- Born: Danielle Audrey Nicholls 16 December 1978 (age 47) Salford, Greater Manchester, England
- Years active: 1997–present
- Known for: Television presenter
- Spouse: Dean Holden

= Danielle Nicholls =

English television presenter and radio host

Danielle Audrey Nicholls is an English television presenter, radio host, model and singer best known for her presenting of CITV from 1998 to 2001, and Night Fever on Channel 5. She co-hosts a late Saturday night entertainment and phone in show "The Late Night Phone-In" on Talk TV with Andre Walker.

==Early life==

Nicholls started dancing at the age of 9. At 15 she became the All England Modern Dance Champion, and had also passed two Royal Academy of Dance ballet exams with honours. She attended Moorside High School, Swinton and Oldham College. At about age 18, Nicholls became a member of the band Pure Gossip, and stayed with the group for 18 months.

==Presenting==

In May 1998, out of 900 applicants, she was chosen to present CITV (then known as CiTV), which ran live, six days a week, and had an audience of four million viewers. On the show she interviewed celebrities such as, Britney Spears, Justin Timberlake and Victoria Beckham. She followed this with a behind-the-scenes special on Home and Away for ITV (TV network). On 1 May 2000, Nicholls began presenting the live broadcast ITV Day of Promise show with Eamonn Holmes and Carol Vorderman. She also presented the live CITV game show Mad for It.

After more than three years as a presenter on CITV, Nicholls left in December 2001.

She returned to children's TV as a presenter in the Saturday morning show Diggit. She continued as a presenter of three series of the Channel 5 celebrity karaoke show, Night Fever, until 2002. From 2000 to 2002 Nicholls co-hosted Night Fever on UK Channel 5, and its spin-off Beach Fever.

She appeared in the second series of Sooty Heights. In July 2002, Nicholls took over the continuity announcements for Sky Movies. She left in October 2003. In 2003, Nicholls toured the country with Mark Speight in the Speight of the Art roadshow.

In 2004, Nicholls presented on Tyne Tees the series, The Unprofessionals, where, along with co-presenter Giles Vickers-Smith, she was given different challenges, including pole dancing, a children's party entertainer, a drain unblocker and a taxidermist.

During Christmas 2004–05, Nicholls was a presenter on the NTL Broadband UK channel. Nicholls became one of the presenters of Text2Date, a programme that encouraged participants to meet and date using mobile phone text messages.

Nicholls' guest appearances on programmes include Trisha, The Last Word, This Morning, Bedrock, Boys & Girls, Dick & Dom in da Bungalow, Sport on 5 and Granada Soccer Night. She was also the voice behind the late night documentary series about North West nightlife called Party Fever which was shown on Granada.

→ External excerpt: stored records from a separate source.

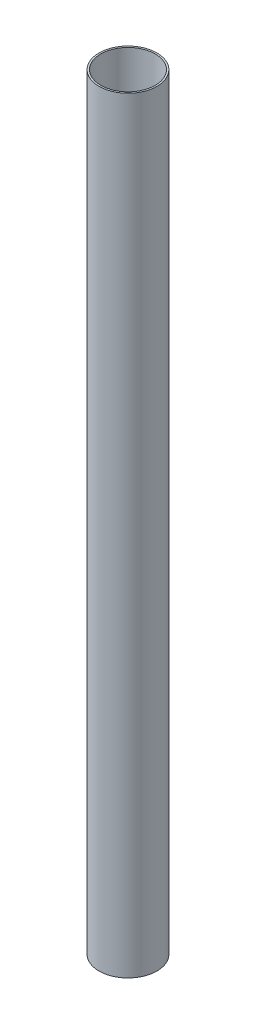
SolidWorks part; units mm, degrees
ref_plane "Спереди" through (0, 0, 0) normal (0, 0, 1) x (1, 0, 0)
ref_plane "Сверху" through (0, 0, 0) normal (0, 1, 0) x (1, 0, 0)
ref_plane "Справа" through (0, 0, 0) normal (1, 0, 0) x (0, 0, -1)
sketch "Эскиз1" plane through (0, 0, 0) normal (0, 1, 0) x (1, 0, 0)
  circle A0 centre (0, 0) radius 16
  circle A1 centre (0, 0) radius 17
  dimension "D1" = 34
  dimension "D2" = 32
extrude "Бобышка-Вытянуть1" add sketch "Эскиз1" along normal blind 450
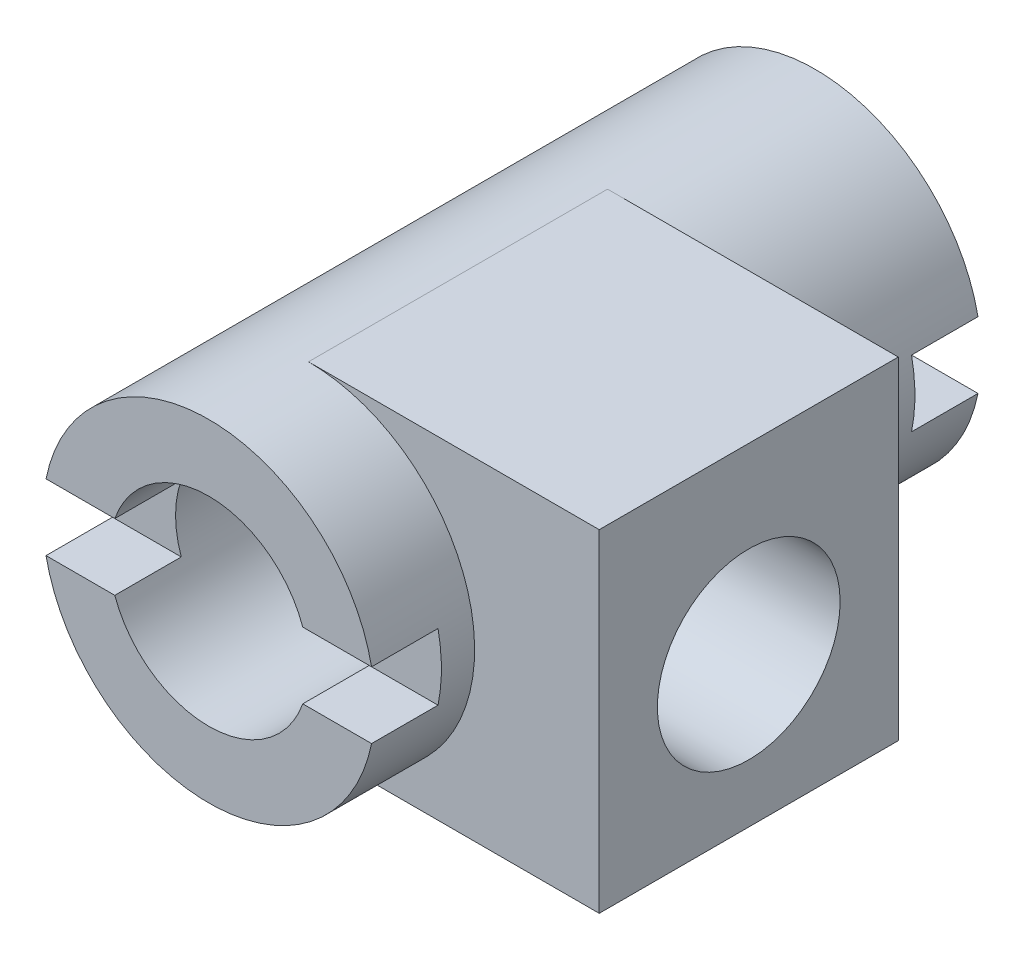
SolidWorks part; units mm, degrees
ref_plane "Front Plane" through (0, 0, 0) normal (0, 0, 1) x (1, 0, 0)
ref_plane "Top Plane" through (0, 0, 0) normal (0, 1, 0) x (1, 0, 0)
ref_plane "Right Plane" through (0, 0, 0) normal (1, 0, 0) x (0, 0, -1)
sketch "Sketch1" plane through (0, 0, 0) normal (0, 0, 1) x (1, 0, 0)
  line L0 (-58.1949, 0) -> (59.3502, 0) construction
  line L1 (0, 32.5632) -> (0, -28.0866) construction
  circle A0 centre (0, 0) radius 20
  circle A1 centre (0, 0) radius 12
  dimension "D1" = 40
  dimension "D2" = 24
extrude "Boss-Extrude1" add sketch "Sketch1" against normal blind 73
ref_plane "Plane1" through (35, 0, 0) normal (1, 0, 0) x (0, 0, -1)
sketch "Sketch2" plane through (35, 0, 0) normal (1, 0, 0) x (0, 0, -1)
  line L0 (30, 26.1772) -> (30, -34.2557) construction
  line L1 (-17.9364, 0) -> (99.7436, 0) construction
  line L2 (12, -20) -> (48, -20)
  line L3 (12, -20) -> (12, 20)
  line L4 (12, 20) -> (48, 20)
  line L5 (48, -20) -> (48, 20)
  line L6 (12, -20) -> (48, 20) construction
  line L7 (12, 20) -> (48, -20) construction
  line L8 (0, 20) -> (0, -20) construction
  circle A1 centre (30, -2) radius 11
  point P3 (30, 0)
  point P15 (0, 0)
  dimension "D2" = 18
  dimension "D4" = 22
  dimension "D1" = 36
  dimension "D3" = 40
  dimension "D5" = 12
extrude "Boss-Extrude2" add sketch "Sketch2" against normal up to surface (15.1003 mm away)
sketch "Sketch4" plane through (0, 0, 0) normal (0, 0, 1) x (1, 0, 0)
  line L0 (-35.1165, 0) -> (39.4445, 0) construction
  line L1 (0, 26.0984) -> (0, -29.0524) construction
  line L3 (-25.8709, 4) -> (22.4526, 4)
  line L4 (-25.8709, 4) -> (-25.8709, -4)
  line L5 (-25.8709, -4) -> (22.4526, -4)
  line L6 (22.4526, 4) -> (22.4526, -4)
  circle A2 centre (0, 0) radius 12 construction
  dimension "D1" = 8
  dimension "D2" = 22.4526
  dimension "D3" = 25.8709
extrude "Cut-Extrude1" cut sketch "Sketch4" against normal blind 8
sketch "Sketch5" plane through (0, 0, -73) normal (0, 0, -1) x (-1, 0, 0)
  line L0 (-42.775, 0) -> (29.5656, 0) construction
  line L1 (0, 24.03) -> (0, -28.3275) construction
  line L3 (-21.293, -4) -> (21.293, -4)
  line L4 (-21.293, -4) -> (-21.293, 4)
  line L5 (-21.293, 4) -> (21.293, 4)
  line L6 (21.293, -4) -> (21.293, 4)
  circle A1 centre (0, 0) radius 12 construction
  dimension "D1" = 8
  dimension "D2" = 21.293
extrude "Cut-Extrude2" cut sketch "Sketch5" against normal blind 8

Nicholls presented a radio show on Salford City Radio with her sister on 94.4FM, until March 2016.

Nicholls also presented and games on a Twitch channel with her sister (Jodie) and brother (Dean) known as BiigNoobs.

==Acting==
Nicholls took a brief absence from CITV in December 2000 to play the lead role in the pantomime Snow White at the Opera House in Manchester. In subsequent years she appeared as Snow White in the other pantomimes at Northampton, Sunderland, Southport and Weston-super-Mare, and in December 2005/January 2006, playing another role as Fairy Crystal in the Snow White pantomime at the Grand Opera House in York.

As well as the annual pantomime performances, in 2004 she also starred on stage in the Hammond Production Group's The Young Ones Summer Holiday in Worthing.

==Personal life==
Her sister is glamour model Jodie Nicholls.

In June 2006 she married Dean Holden, who was formerly manager of Charlton Athletic. Their daughter Cici Milly Holden died from meningococcal disease in May 2012, aged 17 months old, while on a family holiday in Lanzarote.